== Segment start ==
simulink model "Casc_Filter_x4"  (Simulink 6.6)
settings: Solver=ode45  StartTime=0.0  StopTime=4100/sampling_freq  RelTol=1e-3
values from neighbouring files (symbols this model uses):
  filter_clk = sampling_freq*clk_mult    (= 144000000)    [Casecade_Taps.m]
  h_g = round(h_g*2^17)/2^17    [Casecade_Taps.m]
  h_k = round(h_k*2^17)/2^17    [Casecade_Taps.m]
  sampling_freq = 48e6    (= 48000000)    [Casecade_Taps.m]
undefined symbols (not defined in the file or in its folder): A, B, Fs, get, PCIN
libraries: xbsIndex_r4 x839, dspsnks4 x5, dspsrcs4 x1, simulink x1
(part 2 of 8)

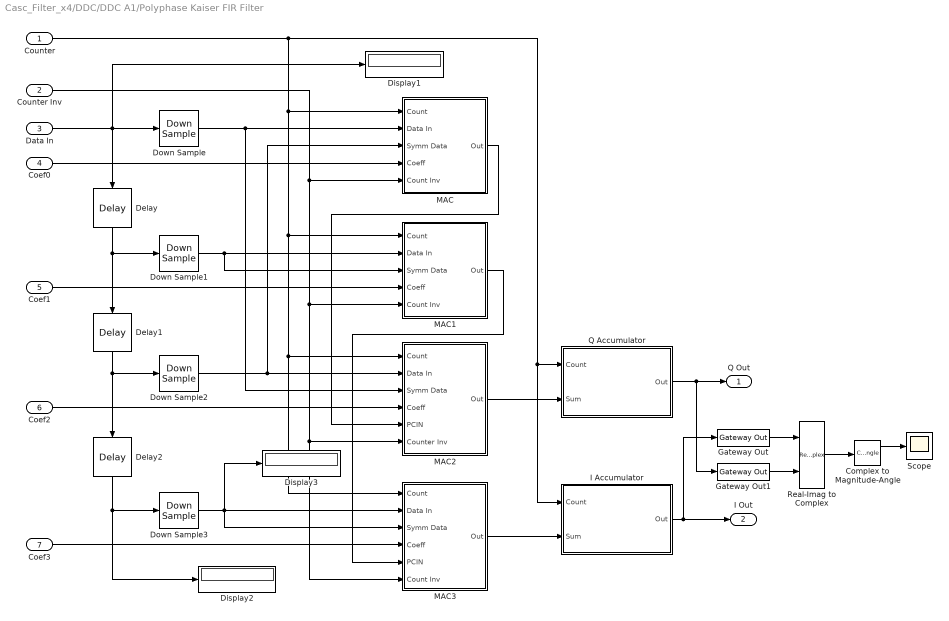
== system Casc_Filter_x4/DDC/DDC A1/Polyphase Kaiser FIR Filter ==
  Counter : Inport
  Counter Inv : Inport  Port=2
  Data In : Inport  Port=3
  Coef0 : Inport  Port=4
  Coef1 : Inport  Port=5
  Coef2 : Inport  Port=6
  Coef3 : Inport  Port=7
  Complex to Magnitude-Angle : ComplexToMagnitudeAngle
  Delay : xbsIndex_r4/Delay  Orientation=down  en=off  latency=1  dbl_ovrd=off  reg_retiming=off  block_type=delay
      settings: infoedit=Hardware notes: A delay line is a chain, each link of which is an SRL16 followed by a flip-flop. If register retiming is enabled, the delay line is a chain of flip-flops.  block_version=8.2
  Delay1 : xbsIndex_r4/Delay  Orientation=down  en=off  latency=1  dbl_ovrd=off  reg_retiming=off  block_type=delay
      settings: infoedit=Hardware notes: A delay line is a chain, each link of which is an SRL16 followed by a flip-flop. If register retiming is enabled, the delay line is a chain of flip-flops.  block_version=8.2
  Delay2 : xbsIndex_r4/Delay  Orientation=down  en=off  latency=1  dbl_ovrd=off  reg_retiming=off  block_type=delay
      settings: infoedit=Hardware notes: A delay line is a chain, each link of which is an SRL16 followed by a flip-flop. If register retiming is enabled, the delay line is a chain of flip-flops.  block_version=8.2
  Display1 : Display
  Display2 : Display
  Display3 : Display
  Down Sample{,1..3} (4 alike) : xbsIndex_r4/Down Sample  sample_ratio=4  sample_phase="Last Value of Frame  (most efficient)"  en=off  latency=1  dbl_ovrd=off  block_type=dsamp
      settings: block_version=8.2
  Gateway Out : xbsIndex_r4/Gateway Out  hdl_port=off  timing_constraint=None  locs_specified=off  LOCs={}  block_type=gatewayout
      settings: infoedit="Gateway out block.  Converts Xilinx fixed point inputs into ouputs of type Simulink integer, double, or fixed point.<P><P>Hardware notes:  In hardware these blocks become top level output ports or are discarded, depending on how they are configured."  block_version=8.2
  Gateway Out1 : xbsIndex_r4/Gateway Out  hdl_port=off  timing_constraint=None  locs_specified=off  LOCs={}  block_type=gatewayout
      settings: infoedit="Gateway out block.  Converts Xilinx fixed point inputs into ouputs of type Simulink integer, double, or fixed point.<P><P>Hardware notes:  In hardware these blocks become top level output ports or are discarded, depending on how they are configured."  block_version=8.2
  I Accumulator : Subsystem
  MAC : Subsystem
  MAC1 : Subsystem
  MAC2 : Subsystem
  MAC3 : Subsystem
  Q Accumulator : Subsystem
  Real-Imag to Complex : RealImagToComplex
  Scope : Scope
  Q Out : Outport
  I Out : Outport  Port=2
  wires:
  Data In/1 -> Down Sample/1, Delay/1, Display1/1
  Delay/1 -> Down Sample1/1, Delay1/1
  Delay1/1 -> Down Sample2/1, Delay2/1
  Delay2/1 -> Down Sample3/1, Display2/1
  Coef0/1 -> MAC/4(Coeff)
  Coef1/1 -> MAC1/4(Coeff)
  I Accumulator/1(Out) -> I Out/1, Gateway Out/1
  Counter/1 -> MAC3/1(Count), MAC2/1(Count), MAC1/1(Count), MAC/1(Count), Q Accumulator/1(Count), I Accumulator/1(Count)
  Coef2/1 -> MAC2/4(Coeff)
  Coef3/1 -> MAC3/4(Coeff)
  Q Accumulator/1(Out) -> Q Out/1, Gateway Out1/1
  Down Sample/1 -> MAC/2(Data In), MAC2/3(Symm Data)
  Down Sample1/1 -> MAC1/3(Symm Data), MAC1/2(Data In)
  Down Sample2/1 -> MAC/3(Symm Data), MAC2/2(Data In)
  Down Sample3/1 -> MAC3/3(Symm Data), MAC3/2(Data In), Display3/1
  MAC/1(Out) -> MAC2/5(PCIN)
  MAC2/1(Out) -> Q Accumulator/2(Sum)
  MAC1/1(Out) -> MAC3/5(PCIN)
  MAC3/1(Out) -> I Accumulator/2(Sum)
  Counter Inv/1 -> MAC/5(Count Inv), MAC1/5(Count Inv), MAC2/6(Counter Inv), MAC3/6(Count Inv)
  Real-Imag to Complex/1 -> Complex to Magnitude-Angle/1
  Complex to Magnitude-Angle/1 -> Scope/1
  Gateway Out/1 -> Real-Imag to Complex/1
  Gateway Out1/1 -> Real-Imag to Complex/2

== system Casc_Filter_x4/DDC/DDC B/Gaussian FIR Filters ==
  Counter : Inport
  Counter Inv : Inport  Port=2
  Q In : Inport  Port=3
  Coef0 : Inport  Port=4
  Coef1 : Inport  Port=5
  Coef2 : Inport  Port=6
  I In : Inport  Port=7
  Gaussian FIR Filter : Subsystem
  Gaussian FIR Filter1 : Subsystem
  I Out : Outport
  Q Out : Outport  Port=2
  wires:
  Counter/1 -> Gaussian FIR Filter/1(Counter), Gaussian FIR Filter1/1(Counter)
  Counter Inv/1 -> Gaussian FIR Filter/2(Counter Inv), Gaussian FIR Filter1/2(Counter Inv)
  Q In/1 -> Gaussian FIR Filter/3(Data In)
  I In/1 -> Gaussian FIR Filter1/3(Data In)
  Gaussian FIR Filter/1(Data Out) -> Q Out/1
  Gaussian FIR Filter1/1(Data Out) -> I Out/1
  Coef0/1 -> Gaussian FIR Filter/4(Coef0), Gaussian FIR Filter1/4(Coef0)
  Coef1/1 -> Gaussian FIR Filter/5(Coef1), Gaussian FIR Filter1/5(Coef1)
  Coef2/1 -> Gaussian FIR Filter/6(Coef2), Gaussian FIR Filter1/6(Coef2)

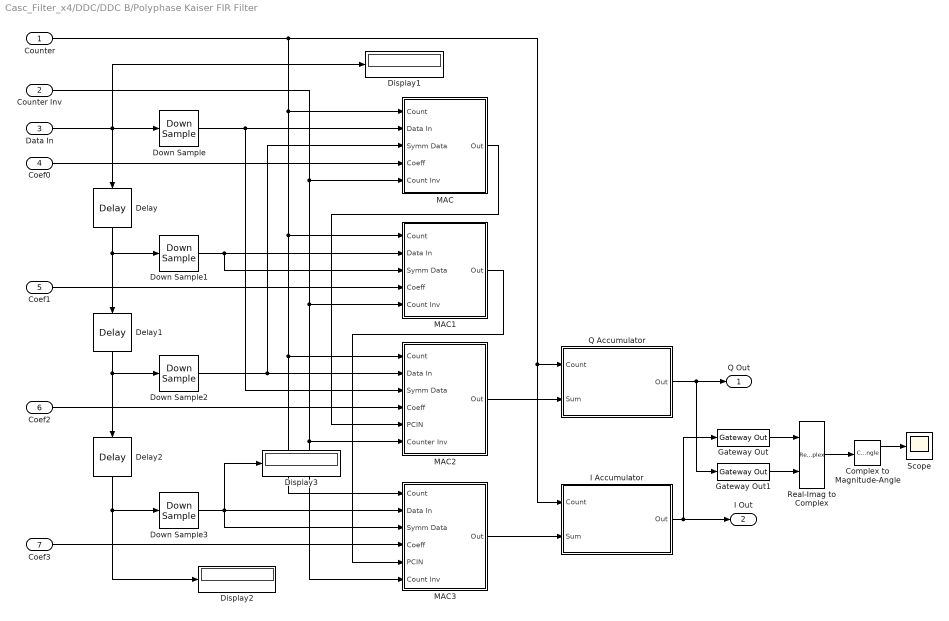
== system Casc_Filter_x4/DDC/DDC B/Polyphase Kaiser FIR Filter ==
  Counter : Inport
  Counter Inv : Inport  Port=2
  Data In : Inport  Port=3
  Coef0 : Inport  Port=4
  Coef1 : Inport  Port=5
  Coef2 : Inport  Port=6
  Coef3 : Inport  Port=7
  Complex to Magnitude-Angle : ComplexToMagnitudeAngle
  Delay : xbsIndex_r4/Delay  Orientation=down  en=off  latency=1  dbl_ovrd=off  reg_retiming=off  block_type=delay
      settings: infoedit=Hardware notes: A delay line is a chain, each link of which is an SRL16 followed by a flip-flop. If register retiming is enabled, the delay line is a chain of flip-flops.  block_version=8.2
  Delay1 : xbsIndex_r4/Delay  Orientation=down  en=off  latency=1  dbl_ovrd=off  reg_retiming=off  block_type=delay
      settings: infoedit=Hardware notes: A delay line is a chain, each link of which is an SRL16 followed by a flip-flop. If register retiming is enabled, the delay line is a chain of flip-flops.  block_version=8.2
  Delay2 : xbsIndex_r4/Delay  Orientation=down  en=off  latency=1  dbl_ovrd=off  reg_retiming=off  block_type=delay
      settings: infoedit=Hardware notes: A delay line is a chain, each link of which is an SRL16 followed by a flip-flop. If register retiming is enabled, the delay line is a chain of flip-flops.  block_version=8.2
  Display1 : Display
  Display2 : Display
  Display3 : Display
  Down Sample{,1..3} (4 alike) : xbsIndex_r4/Down Sample  sample_ratio=4  sample_phase="Last Value of Frame  (most efficient)"  en=off  latency=1  dbl_ovrd=off  block_type=dsamp
      settings: block_version=8.2
  Gateway Out : xbsIndex_r4/Gateway Out  hdl_port=off  timing_constraint=None  locs_specified=off  LOCs={}  block_type=gatewayout
      settings: infoedit="Gateway out block.  Converts Xilinx fixed point inputs into ouputs of type Simulink integer, double, or fixed point.<P><P>Hardware notes:  In hardware these blocks become top level output ports or are discarded, depending on how they are configured."  block_version=8.2
  Gateway Out1 : xbsIndex_r4/Gateway Out  hdl_port=off  timing_constraint=None  locs_specified=off  LOCs={}  block_type=gatewayout
      settings: infoedit="Gateway out block.  Converts Xilinx fixed point inputs into ouputs of type Simulink integer, double, or fixed point.<P><P>Hardware notes:  In hardware these blocks become top level output ports or are discarded, depending on how they are configured."  block_version=8.2
  I Accumulator : Subsystem
  MAC : Subsystem
  MAC1 : Subsystem
  MAC2 : Subsystem
  MAC3 : Subsystem
  Q Accumulator : Subsystem
  Real-Imag to Complex : RealImagToComplex
  Scope : Scope
  Q Out : Outport
  I Out : Outport  Port=2
  wires:
  Data In/1 -> Down Sample/1, Delay/1, Display1/1
  Delay/1 -> Down Sample1/1, Delay1/1
  Delay1/1 -> Down Sample2/1, Delay2/1
  Delay2/1 -> Down Sample3/1, Display2/1
  Coef0/1 -> MAC/4(Coeff)
  Coef1/1 -> MAC1/4(Coeff)
  I Accumulator/1(Out) -> I Out/1, Gateway Out/1
  Counter/1 -> MAC3/1(Count), MAC2/1(Count), MAC1/1(Count), MAC/1(Count), Q Accumulator/1(Count), I Accumulator/1(Count)
  Coef2/1 -> MAC2/4(Coeff)
  Coef3/1 -> MAC3/4(Coeff)
  Q Accumulator/1(Out) -> Q Out/1, Gateway Out1/1
  Down Sample/1 -> MAC/2(Data In), MAC2/3(Symm Data)
  Down Sample1/1 -> MAC1/3(Symm Data), MAC1/2(Data In)
  Down Sample2/1 -> MAC/3(Symm Data), MAC2/2(Data In)
  Down Sample3/1 -> MAC3/3(Symm Data), MAC3/2(Data In), Display3/1
  MAC/1(Out) -> MAC2/5(PCIN)
  MAC2/1(Out) -> Q Accumulator/2(Sum)
  MAC1/1(Out) -> MAC3/5(PCIN)
  MAC3/1(Out) -> I Accumulator/2(Sum)
  Counter Inv/1 -> MAC/5(Count Inv), MAC1/5(Count Inv), MAC2/6(Counter Inv), MAC3/6(Count Inv)
  Real-Imag to Complex/1 -> Complex to Magnitude-Angle/1
  Complex to Magnitude-Angle/1 -> Scope/1
  Gateway Out/1 -> Real-Imag to Complex/1
  Gateway Out1/1 -> Real-Imag to Complex/2

== system Casc_Filter_x4/DDC/DDC C/Gaussian FIR Filters ==
  Counter : Inport
  Counter Inv : Inport  Port=2
  Q In : Inport  Port=3
  Coef0 : Inport  Port=4
  Coef1 : Inport  Port=5
  Coef2 : Inport  Port=6
  I In : Inport  Port=7
  Gaussian FIR Filter : Subsystem
  Gaussian FIR Filter1 : Subsystem
  I Out : Outport
  Q Out : Outport  Port=2
  wires:
  Counter/1 -> Gaussian FIR Filter/1(Counter), Gaussian FIR Filter1/1(Counter)
  Counter Inv/1 -> Gaussian FIR Filter/2(Counter Inv), Gaussian FIR Filter1/2(Counter Inv)
  Q In/1 -> Gaussian FIR Filter/3(Data In)
  I In/1 -> Gaussian FIR Filter1/3(Data In)
  Gaussian FIR Filter/1(Data Out) -> Q Out/1
  Gaussian FIR Filter1/1(Data Out) -> I Out/1
  Coef0/1 -> Gaussian FIR Filter/4(Coef0), Gaussian FIR Filter1/4(Coef0)
  Coef1/1 -> Gaussian FIR Filter/5(Coef1), Gaussian FIR Filter1/5(Coef1)
  Coef2/1 -> Gaussian FIR Filter/6(Coef2), Gaussian FIR Filter1/6(Coef2)

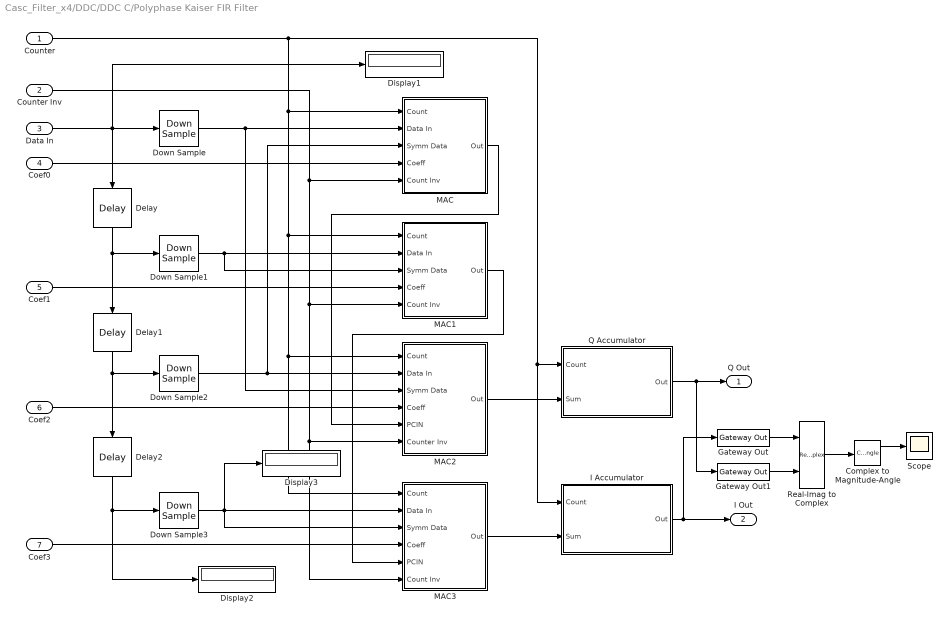
== system Casc_Filter_x4/DDC/DDC C/Polyphase Kaiser FIR Filter ==
  Counter : Inport
  Counter Inv : Inport  Port=2
  Data In : Inport  Port=3
  Coef0 : Inport  Port=4
  Coef1 : Inport  Port=5
  Coef2 : Inport  Port=6
  Coef3 : Inport  Port=7
  Complex to Magnitude-Angle : ComplexToMagnitudeAngle
  Delay : xbsIndex_r4/Delay  Orientation=down  en=off  latency=1  dbl_ovrd=off  reg_retiming=off  block_type=delay
      settings: infoedit=Hardware notes: A delay line is a chain, each link of which is an SRL16 followed by a flip-flop. If register retiming is enabled, the delay line is a chain of flip-flops.  block_version=8.2
  Delay1 : xbsIndex_r4/Delay  Orientation=down  en=off  latency=1  dbl_ovrd=off  reg_retiming=off  block_type=delay
      settings: infoedit=Hardware notes: A delay line is a chain, each link of which is an SRL16 followed by a flip-flop. If register retiming is enabled, the delay line is a chain of flip-flops.  block_version=8.2
  Delay2 : xbsIndex_r4/Delay  Orientation=down  en=off  latency=1  dbl_ovrd=off  reg_retiming=off  block_type=delay
      settings: infoedit=Hardware notes: A delay line is a chain, each link of which is an SRL16 followed by a flip-flop. If register retiming is enabled, the delay line is a chain of flip-flops.  block_version=8.2
  Display1 : Display
  Display2 : Display
  Display3 : Display
  Down Sample{,1..3} (4 alike) : xbsIndex_r4/Down Sample  sample_ratio=4  sample_phase="Last Value of Frame  (most efficient)"  en=off  latency=1  dbl_ovrd=off  block_type=dsamp
      settings: block_version=8.2
  Gateway Out : xbsIndex_r4/Gateway Out  hdl_port=off  timing_constraint=None  locs_specified=off  LOCs={}  block_type=gatewayout
      settings: infoedit="Gateway out block.  Converts Xilinx fixed point inputs into ouputs of type Simulink integer, double, or fixed point.<P><P>Hardware notes:  In hardware these blocks become top level output ports or are discarded, depending on how they are configured."  block_version=8.2
  Gateway Out1 : xbsIndex_r4/Gateway Out  hdl_port=off  timing_constraint=None  locs_specified=off  LOCs={}  block_type=gatewayout
      settings: infoedit="Gateway out block.  Converts Xilinx fixed point inputs into ouputs of type Simulink integer, double, or fixed point.<P><P>Hardware notes:  In hardware these blocks become top level output ports or are discarded, depending on how they are configured."  block_version=8.2
  I Accumulator : Subsystem
  MAC : Subsystem
  MAC1 : Subsystem
  MAC2 : Subsystem
  MAC3 : Subsystem
  Q Accumulator : Subsystem
  Real-Imag to Complex : RealImagToComplex
  Scope : Scope
  Q Out : Outport
  I Out : Outport  Port=2
  wires:
  Data In/1 -> Down Sample/1, Delay/1, Display1/1
  Delay/1 -> Down Sample1/1, Delay1/1
  Delay1/1 -> Down Sample2/1, Delay2/1
  Delay2/1 -> Down Sample3/1, Display2/1
  Coef0/1 -> MAC/4(Coeff)
  Coef1/1 -> MAC1/4(Coeff)
  I Accumulator/1(Out) -> I Out/1, Gateway Out/1
  Counter/1 -> MAC3/1(Count), MAC2/1(Count), MAC1/1(Count), MAC/1(Count), Q Accumulator/1(Count), I Accumulator/1(Count)
  Coef2/1 -> MAC2/4(Coeff)
  Coef3/1 -> MAC3/4(Coeff)
  Q Accumulator/1(Out) -> Q Out/1, Gateway Out1/1
  Down Sample/1 -> MAC/2(Data In), MAC2/3(Symm Data)
  Down Sample1/1 -> MAC1/3(Symm Data), MAC1/2(Data In)
  Down Sample2/1 -> MAC/3(Symm Data), MAC2/2(Data In)
  Down Sample3/1 -> MAC3/3(Symm Data), MAC3/2(Data In), Display3/1
  MAC/1(Out) -> MAC2/5(PCIN)
  MAC2/1(Out) -> Q Accumulator/2(Sum)
  MAC1/1(Out) -> MAC3/5(PCIN)
  MAC3/1(Out) -> I Accumulator/2(Sum)
  Counter Inv/1 -> MAC/5(Count Inv), MAC1/5(Count Inv), MAC2/6(Counter Inv), MAC3/6(Count Inv)
  Real-Imag to Complex/1 -> Complex to Magnitude-Angle/1
  Complex to Magnitude-Angle/1 -> Scope/1
  Gateway Out/1 -> Real-Imag to Complex/1
  Gateway Out1/1 -> Real-Imag to Complex/2

== system Casc_Filter_x4/DDC/Coefficients/Gaus Coef Mem/Select Decoder ==
  Run/Stop : Inport
  Wr/R : Inport  Port=2
  Sel : Inport  Port=3
  BitBasher : xbsIndex_r4/BitBasher  bitexpr=|  display_expr=off  sr_1=1  arith_type1=Unsigned  bin_pt1=0  sr_2=2  arith_type2=Unsigned  bin_pt2=0  sr_3=3  arith_type3=Unsigned  bin_pt3=0  sr_4=4  arith_type4=Unsigned  bin_pt4=0  dbl_ovrd=off  block_type=bitbasher
      | <html><head><meta name="qrichtext" content="1" /></head><body style="font-size:8pt;font-family:MS Shell Dlg">
      | <p>Sel0={Sel[0]}<br />Sel1={Sel[1]}<br /></p>
      | </body></html>
      settings: infoedit="Allows      extraction, concatenation and augmentation of bits"  block_version=VER_STRING_GOES_HERE
  Convert{,1..2,5} (4 alike) : xbsIndex_r4/Convert  arith_type=Boolean  n_bits=16  bin_pt=14  quantization=Truncate  overflow=Wrap  latency=0  dbl_ovrd=off  pipeline=off  block_type=convert
      settings: xl_area=[0 0 0 0 0 0 0]  block_version=VER_STRING_GOES_HERE
  Inverter : xbsIndex_r4/Inverter  en=off  latency=0  dbl_ovrd=off  block_type=inv
      settings: block_version=VER_STRING_GOES_HERE
  Inverter1 : xbsIndex_r4/Inverter  en=off  latency=0  dbl_ovrd=off  block_type=inv
      settings: block_version=VER_STRING_GOES_HERE
  Inverter2 : xbsIndex_r4/Inverter  en=off  latency=0  dbl_ovrd=off  block_type=inv
      settings: block_version=VER_STRING_GOES_HERE
  Logical : xbsIndex_r4/Logical  logical_function=AND  inputs=4  en=off  latency=0  precision=Full  arith_type=Unsigned  n_bits=16  bin_pt=0  align_bp=on  dbl_ovrd=off  block_type=logical
      settings: block_version=VER_STRING_GOES_HERE
  Logical1 : xbsIndex_r4/Logical  logical_function=AND  inputs=4  en=off  latency=0  precision=Full  arith_type=Unsigned  n_bits=16  bin_pt=0  align_bp=on  dbl_ovrd=off  block_type=logical
      settings: block_version=VER_STRING_GOES_HERE
  Logical2 : xbsIndex_r4/Logical  logical_function=AND  inputs=4  en=off  latency=0  precision=Full  arith_type=Unsigned  n_bits=16  bin_pt=0  align_bp=on  dbl_ovrd=off  block_type=logical
      settings: block_version=VER_STRING_GOES_HERE
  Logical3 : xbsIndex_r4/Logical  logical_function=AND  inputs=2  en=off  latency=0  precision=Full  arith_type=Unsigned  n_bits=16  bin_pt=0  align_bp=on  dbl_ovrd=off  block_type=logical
== Segment end ==
#### ACTION ITEM:
What is needed is each line of the entries that contains the word "Kaiser".

#### RESPONSE FOR THIS EXERCISE:
== system Casc_Filter_x4/DDC/DDC A1/Polyphase Kaiser FIR Filter ==
== system Casc_Filter_x4/DDC/DDC B/Polyphase Kaiser FIR Filter ==
== system Casc_Filter_x4/DDC/DDC C/Polyphase Kaiser FIR Filter ==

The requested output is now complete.